In order to deal with haptic ligands, a further abstraction is introduced: Substituents are always grouped into binding sites made of contiguous sets of atoms. Then that set of atom's centroid is taken as a putative shape vertex position in shape classification.
Alternatively, when molecules are constructed by a Graph only, this part of the construction is replaced by a shape inference algorithm that tries to guess reasonable shapes based only on graph information (which is limited in accuracy, generously speaking, as soon as inorganic centers are involved).
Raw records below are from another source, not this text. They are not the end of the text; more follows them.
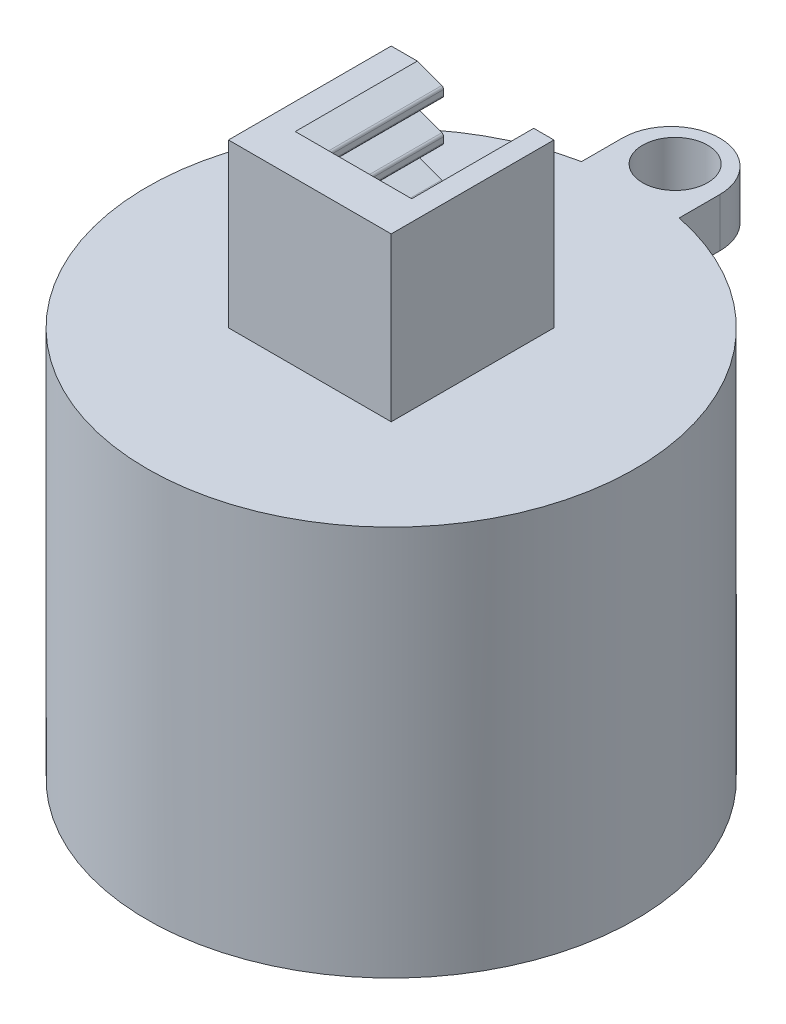
SolidWorks part; units mm, degrees
ref_plane "Front Plane" through (0, 0, 0) normal (0, 0, 1) x (1, 0, 0)
ref_plane "Top Plane" through (0, 0, 0) normal (0, 1, 0) x (1, 0, 0)
ref_plane "Right Plane" through (0, 0, 0) normal (1, 0, 0) x (0, 0, -1)
sketch "Sketch1" plane through (0, 0, 0) normal (0, 1, 0) x (1, 0, 0)
  circle A0 centre (0, 0) radius 15
  circle A1 centre (0, 0) radius 13
  dimension "D1" = 26
  dimension "D2" = 30
extrude "Boss-Extrude1" add sketch "Sketch1" along normal blind 20
sketch "Sketch2" plane through (0, 20, 0) normal (0, 1, 0) x (1, 0, 0)
  circle A0 centre (0, 0) radius 15
extrude "Boss-Extrude2" add sketch "Sketch2" along normal blind 4
sketch "Sketch4" plane through (0, 24, 0) normal (0, 1, 0) x (1, 0, 0)
  line L0 (0, 5) -> (0, -5) construction
  line L1 (-5, 5) -> (5, 5)
  line L2 (-5, 5) -> (-5, -5)
  line L3 (-5, -5) -> (5, -5)
  line L4 (5, 5) -> (5, -5)
  line L5 (-5, 0) -> (5, 0) construction
  dimension "D1" = 10
  dimension "D2" = 10
extrude "Boss-Extrude3" add sketch "Sketch4" along normal blind 10
sketch "Sketch6" plane through (0, 0, -5) normal (0, 0, -1) x (-1, 0, 0)
  line L1 (-5, 34) -> (5, 34) construction
  line L3 (-3.7584, 34) -> (3.3958, 34)
  line L4 (-3.7584, 24) -> (3.5416, 24)
  line L405 (2.1355, 274) -> (0.2416, 274)
  line L406 (0.2416, 274) -> (0.2416, 34)
  line L407 (0.2416, 34) -> (-1.7584, 34)
  line L408 (-1.7584, 34) -> (-1.7584, 274)
  line L409 (-1.7584, 274) -> (-3.7584, 274)
  line L410 (-3.7584, 274) -> (-3.7584, 24)
  line L411 (-3.7584, 24) -> (3.5416, 24)
  line L412 (3.5416, 24) -> (3.5416, 24.6743)
  line L413 (3.5416, 24.6743) -> (1.8918, 25.2748)
  line L414 (1.7816, 25.432) -> (1.7816, 25.7555)
  line L415 (1.8918, 25.9128) -> (3.5416, 26.5133)
  line L416 (3.5416, 26.5133) -> (3.5416, 27.1876)
  line L417 (3.5416, 27.1876) -> (1.8918, 27.7881)
  line L418 (1.7816, 27.9453) -> (1.7816, 28.2688)
  line L419 (1.8918, 28.426) -> (3.5416, 29.0265)
  line L420 (3.5416, 29.0265) -> (3.5416, 29.7008)
  line L421 (3.5416, 29.7008) -> (1.8918, 30.3013)
  line L422 (1.7816, 30.4586) -> (1.7816, 30.7821)
  line L423 (1.8918, 30.9393) -> (3.5416, 31.5398)
  line L424 (3.5416, 31.5398) -> (3.5416, 32.2141)
  line L425 (3.5416, 32.2141) -> (1.8918, 32.8146)
  line L426 (1.7816, 32.9719) -> (1.7816, 33.2953)
  line L427 (1.8918, 33.4526) -> (3.5416, 34.0531)
  line L428 (3.5416, 34.0531) -> (3.5416, 34.7274)
  line L429 (3.5416, 34.7274) -> (1.8918, 35.3279)
  line L430 (1.7816, 35.4851) -> (1.7816, 35.8086)
  line L431 (1.8918, 35.9658) -> (3.5416, 36.5664)
  line L432 (3.5416, 36.5664) -> (3.5416, 37.2406)
  line L433 (3.5416, 37.2406) -> (1.8918, 37.8412)
  line L434 (1.7816, 37.9984) -> (1.7816, 38.3219)
  line L435 (1.8918, 38.4791) -> (3.5416, 39.0796)
  line L436 (3.5416, 39.0796) -> (3.5416, 39.7539)
  line L437 (3.5416, 39.7539) -> (1.8918, 40.3544)
  line L438 (1.7816, 40.5117) -> (1.7816, 40.8351)
  line L439 (1.8918, 40.9924) -> (3.5416, 41.5929)
  line L440 (3.5416, 41.5929) -> (3.5416, 42.2672)
  line L441 (3.5416, 42.2672) -> (1.8918, 42.8677)
  line L442 (1.7816, 43.025) -> (1.7816, 43.3484)
  line L443 (1.8918, 43.5057) -> (3.5416, 44.1062)
  line L444 (3.5416, 44.1062) -> (3.5416, 44.7805)
  line L445 (3.5416, 44.7805) -> (1.8918, 45.381)
  line L446 (1.7816, 45.5382) -> (1.7816, 45.8617)
  line L447 (1.8918, 46.0189) -> (3.5416, 46.6194)
  line L448 (3.5416, 46.6194) -> (3.5416, 47.2937)
  line L449 (3.5416, 47.2937) -> (1.8918, 47.8942)
  line L450 (1.7816, 48.0515) -> (1.7816, 48.375)
  line L451 (1.8918, 48.5322) -> (3.5416, 49.1327)
  line L452 (3.5416, 49.1327) -> (3.5416, 49.807)
  line L453 (3.5416, 49.807) -> (1.8918, 50.4075)
  line L454 (1.7816, 50.5648) -> (1.7816, 50.8882)
  line L455 (1.8918, 51.0455) -> (3.5416, 51.646)
  line L456 (3.5416, 51.646) -> (3.5416, 52.3203)
  line L457 (3.5416, 52.3203) -> (1.8918, 52.9208)
  line L458 (1.7816, 53.078) -> (1.7816, 53.4015)
  line L459 (1.8918, 53.5588) -> (3.5416, 54.1593)
  line L460 (3.5416, 54.1593) -> (3.5416, 54.8335)
  line L461 (3.5416, 54.8335) -> (1.8918, 55.4341)
  line L462 (1.7816, 55.5913) -> (1.7816, 55.9148)
  line L463 (1.8918, 56.072) -> (3.5416, 56.6725)
  line L464 (3.5416, 56.6725) -> (3.5416, 57.3468)
  line L465 (3.5416, 57.3468) -> (1.8918, 57.9473)
  line L466 (1.7816, 58.1046) -> (1.7816, 58.428)
  line L467 (1.8918, 58.5853) -> (3.5416, 59.1858)
  line L468 (3.5416, 59.1858) -> (3.5416, 59.8601)
  line L469 (3.5416, 59.8601) -> (1.8918, 60.4606)
  line L470 (1.7816, 60.6179) -> (1.7816, 60.9413)
  line L471 (1.8918, 61.0986) -> (3.5416, 61.6991)
  line L472 (3.5416, 61.6991) -> (3.5416, 62.3734)
  line L473 (3.5416, 62.3734) -> (1.8918, 62.9739)
  line L474 (1.7816, 63.1311) -> (1.7816, 63.4546)
  line L475 (1.8918, 63.6118) -> (3.5416, 64.2124)
  line L476 (3.5416, 64.2124) -> (3.5416, 64.8866)
  line L477 (3.5416, 64.8866) -> (1.8918, 65.4871)
  line L478 (1.7816, 65.6444) -> (1.7816, 65.9679)
  line L479 (1.8918, 66.1251) -> (3.5416, 66.7256)
  line L480 (3.5416, 66.7256) -> (3.5416, 67.3999)
  line L481 (3.5416, 67.3999) -> (1.8918, 68.0004)
  line L482 (1.7816, 68.1577) -> (1.7816, 68.4811)
  line L483 (1.8918, 68.6384) -> (3.5416, 69.2389)
  line L484 (3.5416, 69.2389) -> (3.5416, 69.9132)
  line L485 (3.5416, 69.9132) -> (1.8918, 70.5137)
  line L486 (1.7816, 70.6709) -> (1.7816, 70.9944)
  line L487 (1.8918, 71.1517) -> (3.5416, 71.7522)
  line L488 (3.5416, 71.7522) -> (3.5416, 72.4265)
  line L489 (3.5416, 72.4265) -> (1.8918, 73.027)
  line L490 (1.7816, 73.1842) -> (1.7816, 73.5077)
  line L491 (1.8918, 73.6649) -> (3.5416, 74.2654)
  line L492 (3.5416, 74.2654) -> (3.5416, 74.9397)
  line L493 (3.5416, 74.9397) -> (1.8918, 75.5402)
  line L494 (1.7816, 75.6975) -> (1.7816, 76.0209)
  line L495 (1.8918, 76.1782) -> (3.5416, 76.7787)
  line L496 (3.5416, 76.7787) -> (3.5416, 77.453)
  line L497 (3.5416, 77.453) -> (1.8918, 78.0535)
  line L498 (1.7816, 78.2108) -> (1.7816, 78.5342)
  line L499 (1.8918, 78.6915) -> (3.5416, 79.292)
  line L500 (3.5416, 79.292) -> (3.5416, 79.9663)
  line L501 (3.5416, 79.9663) -> (1.8918, 80.5668)
  line L502 (1.7816, 80.724) -> (1.7816, 81.0475)
  line L503 (1.8918, 81.2047) -> (3.5416, 81.8053)
  line L504 (3.5416, 81.8053) -> (3.5416, 82.4795)
  line L505 (3.5416, 82.4795) -> (1.8918, 83.0801)
  line L506 (1.7816, 83.2373) -> (1.7816, 83.5608)
  line L507 (1.8918, 83.718) -> (3.5416, 84.3185)
  line L508 (3.5416, 84.3185) -> (3.5416, 84.9928)
  line L509 (3.5416, 84.9928) -> (1.8918, 85.5933)
  line L510 (1.7816, 85.7506) -> (1.7816, 86.074)
  line L511 (1.8918, 86.2313) -> (3.5416, 86.8318)
  line L512 (3.5416, 86.8318) -> (3.5416, 87.5061)
  line L513 (3.5416, 87.5061) -> (1.8918, 88.1066)
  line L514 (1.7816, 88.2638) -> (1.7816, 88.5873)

Now we need to figure out how many different non-superposable relative arrangements of the binding sites are possible within the classified shape. The operative word being different, the binding sites of each non-terminal atom are ranked according to extended IUPAC sequence rules. The ranking and links between sites are reduced to an abstract binding case such as \((A-A)_3\). From there, we enumerate the following non-superimposable cases within a particular shape, say, an octahedron:
Whether any of these stereopermutations are actually possible in a particular molecule depends on the length of the bridge between the binding atoms of the bidentate ligand. If it's very long, then perhaps all stereopermutations are possible. At intermediate lengths, the stereopermutations with trans-arrangements might be infeasible, and at very short bridge lengths (say, just one intermediate atom), none of them might be possible.
Molassembler takes the abstract enumerated stereopermutations and checks the feasibility of all bridges between any multidentate ligands, if present. Additionally, if there are haptic ligands, the cone it occupies is estimated and collisions between haptic ligands are avoided.
In a Molecule, atom stereopermutators are instantiated on each non-terminal atom. Atom stereopermutators store the local shape at this atom, all abstract stereopermutations (with relative statistical occurrence weights), the results of the feasibility checks, and which stereopermutation is currently realized. Note that terminal atoms aren't particularly interesting because their local shape has merely a single vertex and there isn't much to manage. The stereopermutation an atom stereopermutator is set as can only be determined if Cartesian coordinates are present. Otherwise, if there are multiple feasible stereopermutations but no way to determine which is realized, the atom stereopermutator is unspecified. This means that it represents all of its feasible stereopermutations. The conformational ensemble of a molecule with a single atom stereopermutator representing an unspecified asymmetric tetrahedron (where there are two possible stereopermutations, known by their stereodescriptors R and S), is essentially a racemic mixture.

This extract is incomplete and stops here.